In histopathology, a small-blue-round-cell tumour (abbreviated SBRCT), also known as a small-round-blue-cell tumor (SRBCT) or a small-round-cell tumour (SRCT), is any one of a group of malignant neoplasms that have a characteristic appearance under the microscope, i.e. consisting of small round cells that stain blue on routine H&E stained sections.

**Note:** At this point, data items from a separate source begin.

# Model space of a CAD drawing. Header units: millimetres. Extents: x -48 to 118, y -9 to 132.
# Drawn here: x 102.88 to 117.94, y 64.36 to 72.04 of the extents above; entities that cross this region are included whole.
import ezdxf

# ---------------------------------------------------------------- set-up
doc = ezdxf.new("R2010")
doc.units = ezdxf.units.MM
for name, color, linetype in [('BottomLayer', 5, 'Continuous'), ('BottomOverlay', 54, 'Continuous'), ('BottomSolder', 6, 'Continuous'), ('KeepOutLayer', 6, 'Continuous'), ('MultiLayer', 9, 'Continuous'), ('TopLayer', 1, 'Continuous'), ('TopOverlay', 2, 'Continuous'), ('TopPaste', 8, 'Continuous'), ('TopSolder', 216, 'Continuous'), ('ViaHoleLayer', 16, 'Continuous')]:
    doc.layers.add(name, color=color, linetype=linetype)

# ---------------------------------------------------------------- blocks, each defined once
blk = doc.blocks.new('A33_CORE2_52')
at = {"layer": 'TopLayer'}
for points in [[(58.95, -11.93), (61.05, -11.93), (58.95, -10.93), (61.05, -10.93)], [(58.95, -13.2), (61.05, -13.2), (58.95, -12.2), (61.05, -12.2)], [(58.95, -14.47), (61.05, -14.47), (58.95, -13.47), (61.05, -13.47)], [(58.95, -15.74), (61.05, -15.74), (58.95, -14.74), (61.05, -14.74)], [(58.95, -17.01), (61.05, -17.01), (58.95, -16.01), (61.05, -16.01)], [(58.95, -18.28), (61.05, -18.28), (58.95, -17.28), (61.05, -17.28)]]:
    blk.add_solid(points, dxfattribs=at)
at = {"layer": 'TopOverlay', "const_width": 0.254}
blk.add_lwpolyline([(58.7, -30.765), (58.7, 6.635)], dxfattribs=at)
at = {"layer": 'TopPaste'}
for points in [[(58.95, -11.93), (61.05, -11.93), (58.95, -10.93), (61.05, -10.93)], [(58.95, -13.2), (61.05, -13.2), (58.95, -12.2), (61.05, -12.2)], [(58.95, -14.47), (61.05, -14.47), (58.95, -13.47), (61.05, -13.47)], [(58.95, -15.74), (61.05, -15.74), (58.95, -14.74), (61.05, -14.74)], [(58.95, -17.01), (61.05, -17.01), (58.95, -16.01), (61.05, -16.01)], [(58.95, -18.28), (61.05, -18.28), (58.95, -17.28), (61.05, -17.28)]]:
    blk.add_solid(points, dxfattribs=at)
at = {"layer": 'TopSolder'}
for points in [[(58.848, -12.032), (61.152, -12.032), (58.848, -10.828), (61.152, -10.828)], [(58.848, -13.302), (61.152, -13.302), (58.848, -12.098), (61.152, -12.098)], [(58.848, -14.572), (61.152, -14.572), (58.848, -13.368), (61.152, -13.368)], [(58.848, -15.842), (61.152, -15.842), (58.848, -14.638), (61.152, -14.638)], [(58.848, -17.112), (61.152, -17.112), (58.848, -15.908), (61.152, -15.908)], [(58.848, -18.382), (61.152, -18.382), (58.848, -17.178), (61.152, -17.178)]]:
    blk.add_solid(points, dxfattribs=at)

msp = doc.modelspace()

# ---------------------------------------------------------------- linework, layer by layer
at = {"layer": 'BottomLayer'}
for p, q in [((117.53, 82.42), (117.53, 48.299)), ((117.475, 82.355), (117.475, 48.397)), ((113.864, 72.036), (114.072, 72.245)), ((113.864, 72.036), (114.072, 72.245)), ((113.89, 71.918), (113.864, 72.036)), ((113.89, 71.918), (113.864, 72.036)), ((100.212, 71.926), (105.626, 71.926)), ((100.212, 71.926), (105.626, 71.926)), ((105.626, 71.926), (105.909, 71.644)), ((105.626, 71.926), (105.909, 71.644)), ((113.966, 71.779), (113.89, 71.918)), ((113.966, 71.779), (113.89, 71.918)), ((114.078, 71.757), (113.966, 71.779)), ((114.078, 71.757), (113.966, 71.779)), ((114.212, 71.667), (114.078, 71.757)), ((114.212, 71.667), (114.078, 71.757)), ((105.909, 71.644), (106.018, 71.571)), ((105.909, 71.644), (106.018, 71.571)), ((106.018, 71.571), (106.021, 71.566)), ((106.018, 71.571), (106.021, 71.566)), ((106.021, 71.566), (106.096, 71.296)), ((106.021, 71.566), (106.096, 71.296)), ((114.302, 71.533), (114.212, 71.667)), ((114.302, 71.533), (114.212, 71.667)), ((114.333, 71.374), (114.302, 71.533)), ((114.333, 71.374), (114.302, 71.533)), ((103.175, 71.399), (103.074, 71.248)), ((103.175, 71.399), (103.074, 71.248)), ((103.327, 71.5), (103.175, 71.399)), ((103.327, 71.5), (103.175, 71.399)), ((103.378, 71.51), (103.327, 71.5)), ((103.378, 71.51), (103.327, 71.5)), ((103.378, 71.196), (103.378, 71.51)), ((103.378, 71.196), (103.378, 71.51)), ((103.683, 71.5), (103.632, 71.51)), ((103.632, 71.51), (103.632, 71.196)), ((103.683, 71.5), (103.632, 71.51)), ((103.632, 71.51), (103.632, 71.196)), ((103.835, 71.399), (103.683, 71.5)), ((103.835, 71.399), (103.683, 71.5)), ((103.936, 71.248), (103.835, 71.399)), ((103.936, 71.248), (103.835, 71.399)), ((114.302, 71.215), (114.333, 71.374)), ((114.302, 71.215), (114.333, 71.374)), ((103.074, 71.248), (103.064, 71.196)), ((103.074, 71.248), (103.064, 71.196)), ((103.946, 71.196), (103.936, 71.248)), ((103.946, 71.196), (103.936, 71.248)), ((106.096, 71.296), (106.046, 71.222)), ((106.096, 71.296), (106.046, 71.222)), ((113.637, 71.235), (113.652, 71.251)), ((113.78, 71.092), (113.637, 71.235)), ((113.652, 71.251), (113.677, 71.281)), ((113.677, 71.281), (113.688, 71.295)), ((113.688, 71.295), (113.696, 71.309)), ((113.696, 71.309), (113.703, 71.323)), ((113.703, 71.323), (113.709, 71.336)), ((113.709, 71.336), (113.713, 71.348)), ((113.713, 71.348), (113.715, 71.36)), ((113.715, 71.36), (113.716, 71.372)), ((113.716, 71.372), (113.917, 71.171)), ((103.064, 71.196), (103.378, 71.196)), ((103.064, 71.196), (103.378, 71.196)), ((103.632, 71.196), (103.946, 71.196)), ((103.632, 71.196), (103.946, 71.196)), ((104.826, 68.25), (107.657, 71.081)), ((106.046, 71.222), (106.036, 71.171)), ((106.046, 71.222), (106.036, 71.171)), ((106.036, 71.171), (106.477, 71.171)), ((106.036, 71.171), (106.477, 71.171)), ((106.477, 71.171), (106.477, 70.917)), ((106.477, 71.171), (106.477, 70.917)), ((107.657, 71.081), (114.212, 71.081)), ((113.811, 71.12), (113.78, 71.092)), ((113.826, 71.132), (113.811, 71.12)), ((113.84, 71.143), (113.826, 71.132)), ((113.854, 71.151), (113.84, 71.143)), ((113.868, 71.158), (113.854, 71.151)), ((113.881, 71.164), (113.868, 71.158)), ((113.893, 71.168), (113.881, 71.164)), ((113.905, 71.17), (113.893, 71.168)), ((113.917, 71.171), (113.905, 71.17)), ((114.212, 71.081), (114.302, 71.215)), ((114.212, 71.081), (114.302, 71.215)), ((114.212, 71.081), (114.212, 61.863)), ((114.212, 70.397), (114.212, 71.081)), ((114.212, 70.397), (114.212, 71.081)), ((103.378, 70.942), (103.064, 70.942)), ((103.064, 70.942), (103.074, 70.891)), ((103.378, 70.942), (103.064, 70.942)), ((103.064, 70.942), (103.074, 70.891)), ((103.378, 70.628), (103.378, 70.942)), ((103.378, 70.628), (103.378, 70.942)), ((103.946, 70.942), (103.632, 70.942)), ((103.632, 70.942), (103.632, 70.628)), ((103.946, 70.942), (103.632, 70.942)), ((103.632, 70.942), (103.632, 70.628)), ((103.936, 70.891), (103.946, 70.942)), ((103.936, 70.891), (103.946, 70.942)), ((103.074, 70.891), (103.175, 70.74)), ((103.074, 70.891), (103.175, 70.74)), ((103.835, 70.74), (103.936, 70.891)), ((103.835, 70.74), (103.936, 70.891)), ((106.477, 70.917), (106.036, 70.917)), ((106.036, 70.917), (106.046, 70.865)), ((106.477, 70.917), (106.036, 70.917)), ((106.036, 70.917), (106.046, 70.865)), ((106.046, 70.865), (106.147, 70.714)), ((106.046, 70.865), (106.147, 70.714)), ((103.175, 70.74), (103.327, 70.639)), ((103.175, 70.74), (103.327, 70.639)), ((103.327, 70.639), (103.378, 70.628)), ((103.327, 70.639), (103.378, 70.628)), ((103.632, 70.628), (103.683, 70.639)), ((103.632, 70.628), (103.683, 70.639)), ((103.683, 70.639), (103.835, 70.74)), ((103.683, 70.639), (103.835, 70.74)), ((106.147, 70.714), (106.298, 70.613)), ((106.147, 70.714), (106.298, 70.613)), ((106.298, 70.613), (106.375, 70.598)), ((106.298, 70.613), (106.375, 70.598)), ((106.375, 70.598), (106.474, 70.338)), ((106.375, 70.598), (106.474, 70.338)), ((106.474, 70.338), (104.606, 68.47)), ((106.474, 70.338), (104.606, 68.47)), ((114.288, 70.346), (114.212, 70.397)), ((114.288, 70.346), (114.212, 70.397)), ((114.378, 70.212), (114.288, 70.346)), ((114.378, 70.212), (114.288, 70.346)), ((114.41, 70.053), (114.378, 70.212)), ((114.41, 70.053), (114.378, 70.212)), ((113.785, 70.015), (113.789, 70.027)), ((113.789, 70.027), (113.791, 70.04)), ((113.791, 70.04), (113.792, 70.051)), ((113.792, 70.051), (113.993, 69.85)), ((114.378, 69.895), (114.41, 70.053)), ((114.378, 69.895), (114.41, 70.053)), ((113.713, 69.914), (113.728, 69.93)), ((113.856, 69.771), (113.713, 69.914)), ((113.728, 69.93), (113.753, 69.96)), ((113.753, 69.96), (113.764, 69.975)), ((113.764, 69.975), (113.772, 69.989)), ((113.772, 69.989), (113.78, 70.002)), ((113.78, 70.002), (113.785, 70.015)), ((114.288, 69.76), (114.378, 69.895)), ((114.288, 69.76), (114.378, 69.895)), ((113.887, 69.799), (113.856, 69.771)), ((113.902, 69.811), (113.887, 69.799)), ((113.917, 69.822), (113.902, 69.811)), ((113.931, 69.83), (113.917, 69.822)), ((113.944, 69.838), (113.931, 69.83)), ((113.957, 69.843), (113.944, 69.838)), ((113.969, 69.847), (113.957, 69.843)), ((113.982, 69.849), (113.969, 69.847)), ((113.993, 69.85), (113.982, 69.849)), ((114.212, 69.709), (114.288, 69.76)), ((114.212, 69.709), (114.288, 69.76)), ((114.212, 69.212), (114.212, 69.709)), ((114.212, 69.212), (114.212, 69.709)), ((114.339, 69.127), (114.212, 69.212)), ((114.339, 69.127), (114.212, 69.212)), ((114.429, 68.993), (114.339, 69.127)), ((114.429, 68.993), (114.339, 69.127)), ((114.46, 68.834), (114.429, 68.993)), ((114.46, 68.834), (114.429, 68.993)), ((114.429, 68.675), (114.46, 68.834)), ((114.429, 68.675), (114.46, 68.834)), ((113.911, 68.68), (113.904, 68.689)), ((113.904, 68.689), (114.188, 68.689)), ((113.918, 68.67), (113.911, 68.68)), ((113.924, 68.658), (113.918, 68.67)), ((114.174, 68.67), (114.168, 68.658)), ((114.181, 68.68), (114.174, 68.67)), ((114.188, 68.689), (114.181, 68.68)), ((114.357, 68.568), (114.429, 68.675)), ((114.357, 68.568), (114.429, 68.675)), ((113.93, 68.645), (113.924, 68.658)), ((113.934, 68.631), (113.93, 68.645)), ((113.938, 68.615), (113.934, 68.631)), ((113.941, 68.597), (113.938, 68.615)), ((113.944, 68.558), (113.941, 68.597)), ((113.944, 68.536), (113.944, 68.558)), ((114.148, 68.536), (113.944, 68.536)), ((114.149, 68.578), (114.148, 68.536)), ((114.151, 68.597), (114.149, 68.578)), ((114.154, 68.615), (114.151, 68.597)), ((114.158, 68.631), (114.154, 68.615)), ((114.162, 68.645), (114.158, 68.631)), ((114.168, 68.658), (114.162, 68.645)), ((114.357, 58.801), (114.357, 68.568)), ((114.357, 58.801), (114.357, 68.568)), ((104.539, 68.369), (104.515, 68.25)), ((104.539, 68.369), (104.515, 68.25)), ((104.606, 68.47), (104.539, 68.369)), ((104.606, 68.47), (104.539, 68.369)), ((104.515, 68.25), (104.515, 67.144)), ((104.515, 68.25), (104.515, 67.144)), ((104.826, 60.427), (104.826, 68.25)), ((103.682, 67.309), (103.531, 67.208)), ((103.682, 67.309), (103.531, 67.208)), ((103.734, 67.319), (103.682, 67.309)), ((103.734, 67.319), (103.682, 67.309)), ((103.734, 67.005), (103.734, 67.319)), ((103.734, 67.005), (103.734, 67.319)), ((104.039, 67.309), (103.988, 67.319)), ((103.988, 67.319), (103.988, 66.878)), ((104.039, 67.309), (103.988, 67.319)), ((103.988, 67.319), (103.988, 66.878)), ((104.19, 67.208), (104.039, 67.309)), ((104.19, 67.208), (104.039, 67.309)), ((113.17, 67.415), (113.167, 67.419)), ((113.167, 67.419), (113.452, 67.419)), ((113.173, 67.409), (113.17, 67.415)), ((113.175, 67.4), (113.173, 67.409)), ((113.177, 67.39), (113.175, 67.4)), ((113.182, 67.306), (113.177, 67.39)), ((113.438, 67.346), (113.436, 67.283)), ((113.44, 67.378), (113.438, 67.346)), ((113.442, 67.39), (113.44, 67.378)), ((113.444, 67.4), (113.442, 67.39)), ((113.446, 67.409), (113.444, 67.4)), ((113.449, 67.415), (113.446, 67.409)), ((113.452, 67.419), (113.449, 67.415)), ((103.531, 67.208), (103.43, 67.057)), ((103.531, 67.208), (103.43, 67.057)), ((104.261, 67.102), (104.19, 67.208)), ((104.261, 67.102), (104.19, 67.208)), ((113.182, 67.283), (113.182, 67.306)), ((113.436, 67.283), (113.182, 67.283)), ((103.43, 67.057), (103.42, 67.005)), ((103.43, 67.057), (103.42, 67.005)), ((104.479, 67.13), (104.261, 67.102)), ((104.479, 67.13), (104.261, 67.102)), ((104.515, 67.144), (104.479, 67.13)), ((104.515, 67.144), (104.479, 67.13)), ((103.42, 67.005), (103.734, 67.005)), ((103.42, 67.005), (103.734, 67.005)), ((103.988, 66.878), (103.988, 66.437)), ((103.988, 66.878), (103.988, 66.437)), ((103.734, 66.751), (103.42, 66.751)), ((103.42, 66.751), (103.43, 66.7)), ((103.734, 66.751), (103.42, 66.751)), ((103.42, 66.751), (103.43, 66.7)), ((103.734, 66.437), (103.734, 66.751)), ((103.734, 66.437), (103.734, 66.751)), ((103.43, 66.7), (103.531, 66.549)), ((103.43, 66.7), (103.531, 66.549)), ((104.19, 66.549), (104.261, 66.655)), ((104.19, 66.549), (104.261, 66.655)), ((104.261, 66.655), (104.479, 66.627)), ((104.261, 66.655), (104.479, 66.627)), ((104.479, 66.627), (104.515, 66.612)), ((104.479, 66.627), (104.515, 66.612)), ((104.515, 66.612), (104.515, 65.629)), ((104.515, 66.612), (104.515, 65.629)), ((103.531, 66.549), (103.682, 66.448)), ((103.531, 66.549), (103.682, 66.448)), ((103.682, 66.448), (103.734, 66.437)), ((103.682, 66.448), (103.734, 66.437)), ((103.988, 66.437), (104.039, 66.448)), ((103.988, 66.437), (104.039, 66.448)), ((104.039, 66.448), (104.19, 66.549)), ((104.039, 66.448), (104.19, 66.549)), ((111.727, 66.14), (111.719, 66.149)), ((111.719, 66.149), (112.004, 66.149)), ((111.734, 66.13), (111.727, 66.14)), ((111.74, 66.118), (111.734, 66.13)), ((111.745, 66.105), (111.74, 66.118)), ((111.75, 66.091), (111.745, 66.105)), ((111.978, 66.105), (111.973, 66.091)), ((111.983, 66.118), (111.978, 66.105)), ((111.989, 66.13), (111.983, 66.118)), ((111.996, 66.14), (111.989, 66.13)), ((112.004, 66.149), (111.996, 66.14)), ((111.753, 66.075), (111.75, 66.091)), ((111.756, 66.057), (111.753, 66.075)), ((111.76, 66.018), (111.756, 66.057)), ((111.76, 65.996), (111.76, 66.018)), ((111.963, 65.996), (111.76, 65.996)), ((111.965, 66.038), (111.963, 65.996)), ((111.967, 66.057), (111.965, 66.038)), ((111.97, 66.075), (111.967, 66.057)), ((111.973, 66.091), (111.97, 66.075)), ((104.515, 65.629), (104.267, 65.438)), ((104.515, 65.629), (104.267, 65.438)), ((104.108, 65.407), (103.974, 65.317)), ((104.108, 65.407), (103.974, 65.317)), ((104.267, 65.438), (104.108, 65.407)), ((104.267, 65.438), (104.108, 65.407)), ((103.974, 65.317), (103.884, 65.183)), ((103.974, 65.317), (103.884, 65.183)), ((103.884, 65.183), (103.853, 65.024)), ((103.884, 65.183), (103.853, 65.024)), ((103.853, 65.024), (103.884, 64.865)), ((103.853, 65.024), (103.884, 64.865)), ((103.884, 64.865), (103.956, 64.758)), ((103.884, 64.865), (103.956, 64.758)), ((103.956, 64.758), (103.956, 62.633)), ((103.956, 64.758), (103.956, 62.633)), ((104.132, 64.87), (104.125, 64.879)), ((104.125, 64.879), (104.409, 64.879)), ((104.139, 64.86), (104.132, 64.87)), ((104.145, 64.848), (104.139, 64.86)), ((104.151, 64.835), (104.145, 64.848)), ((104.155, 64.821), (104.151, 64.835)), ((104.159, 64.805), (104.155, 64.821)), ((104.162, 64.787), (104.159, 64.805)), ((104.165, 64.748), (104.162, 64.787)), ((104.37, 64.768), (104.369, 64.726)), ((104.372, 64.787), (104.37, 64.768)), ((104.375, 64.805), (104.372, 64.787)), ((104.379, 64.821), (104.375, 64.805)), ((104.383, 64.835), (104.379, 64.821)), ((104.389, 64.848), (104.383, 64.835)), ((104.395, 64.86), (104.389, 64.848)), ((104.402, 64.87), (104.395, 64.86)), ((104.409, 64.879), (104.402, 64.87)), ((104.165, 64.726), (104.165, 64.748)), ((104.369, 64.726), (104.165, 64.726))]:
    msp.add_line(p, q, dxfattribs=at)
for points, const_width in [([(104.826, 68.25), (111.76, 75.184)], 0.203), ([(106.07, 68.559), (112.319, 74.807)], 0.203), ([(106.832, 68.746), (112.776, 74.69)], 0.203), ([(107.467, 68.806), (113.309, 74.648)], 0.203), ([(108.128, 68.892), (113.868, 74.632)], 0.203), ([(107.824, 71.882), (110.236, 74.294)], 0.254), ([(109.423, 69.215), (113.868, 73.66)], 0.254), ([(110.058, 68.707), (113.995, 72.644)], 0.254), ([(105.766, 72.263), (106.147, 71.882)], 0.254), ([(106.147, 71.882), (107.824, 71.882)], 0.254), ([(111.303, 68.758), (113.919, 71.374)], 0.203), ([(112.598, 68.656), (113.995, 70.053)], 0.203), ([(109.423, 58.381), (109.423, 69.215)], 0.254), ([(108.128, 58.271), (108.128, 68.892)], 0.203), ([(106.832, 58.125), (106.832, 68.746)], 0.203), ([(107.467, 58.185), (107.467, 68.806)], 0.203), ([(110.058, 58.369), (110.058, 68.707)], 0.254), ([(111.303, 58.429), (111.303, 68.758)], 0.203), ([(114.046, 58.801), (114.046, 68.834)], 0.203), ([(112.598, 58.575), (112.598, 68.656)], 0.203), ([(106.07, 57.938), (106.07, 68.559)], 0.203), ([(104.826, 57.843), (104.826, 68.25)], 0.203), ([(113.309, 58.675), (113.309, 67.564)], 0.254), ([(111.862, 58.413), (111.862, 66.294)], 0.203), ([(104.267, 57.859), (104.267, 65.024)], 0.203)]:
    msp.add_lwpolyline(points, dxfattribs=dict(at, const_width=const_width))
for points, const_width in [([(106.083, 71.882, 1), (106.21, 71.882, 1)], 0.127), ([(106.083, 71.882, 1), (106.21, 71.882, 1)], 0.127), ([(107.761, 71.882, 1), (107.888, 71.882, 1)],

These tumors are seen more often in children than in adults. They typically represent undifferentiated cells. The predominance of blue staining is because the cells consist predominantly of nucleus, thus they have scant cytoplasm.


Examples
Tumors that belong to this group are:
 Desmoplastic small-round-cell tumour
 Ewing sarcoma/PNET
 Neuroblastoma
 Medulloblastoma
 Rhabdomyosarcoma
 Synovial sarcoma
 Carcinoid tumor
 Mesothelioma
 Small cell lung cancer
 Wilms' tumour
 Retinoblastoma
 Small-cell lymphoma
 Hepatoblastoma- only the anaplastic form has round blue cells, the more common fetal and embryonal types do not 
 Merkel cell carcinoma
 Mesenchymal chondrosarcoma

Conditions mimicking SBRCT

Endometrial stromal condensation may mimic a small-blue-round-cell tumour.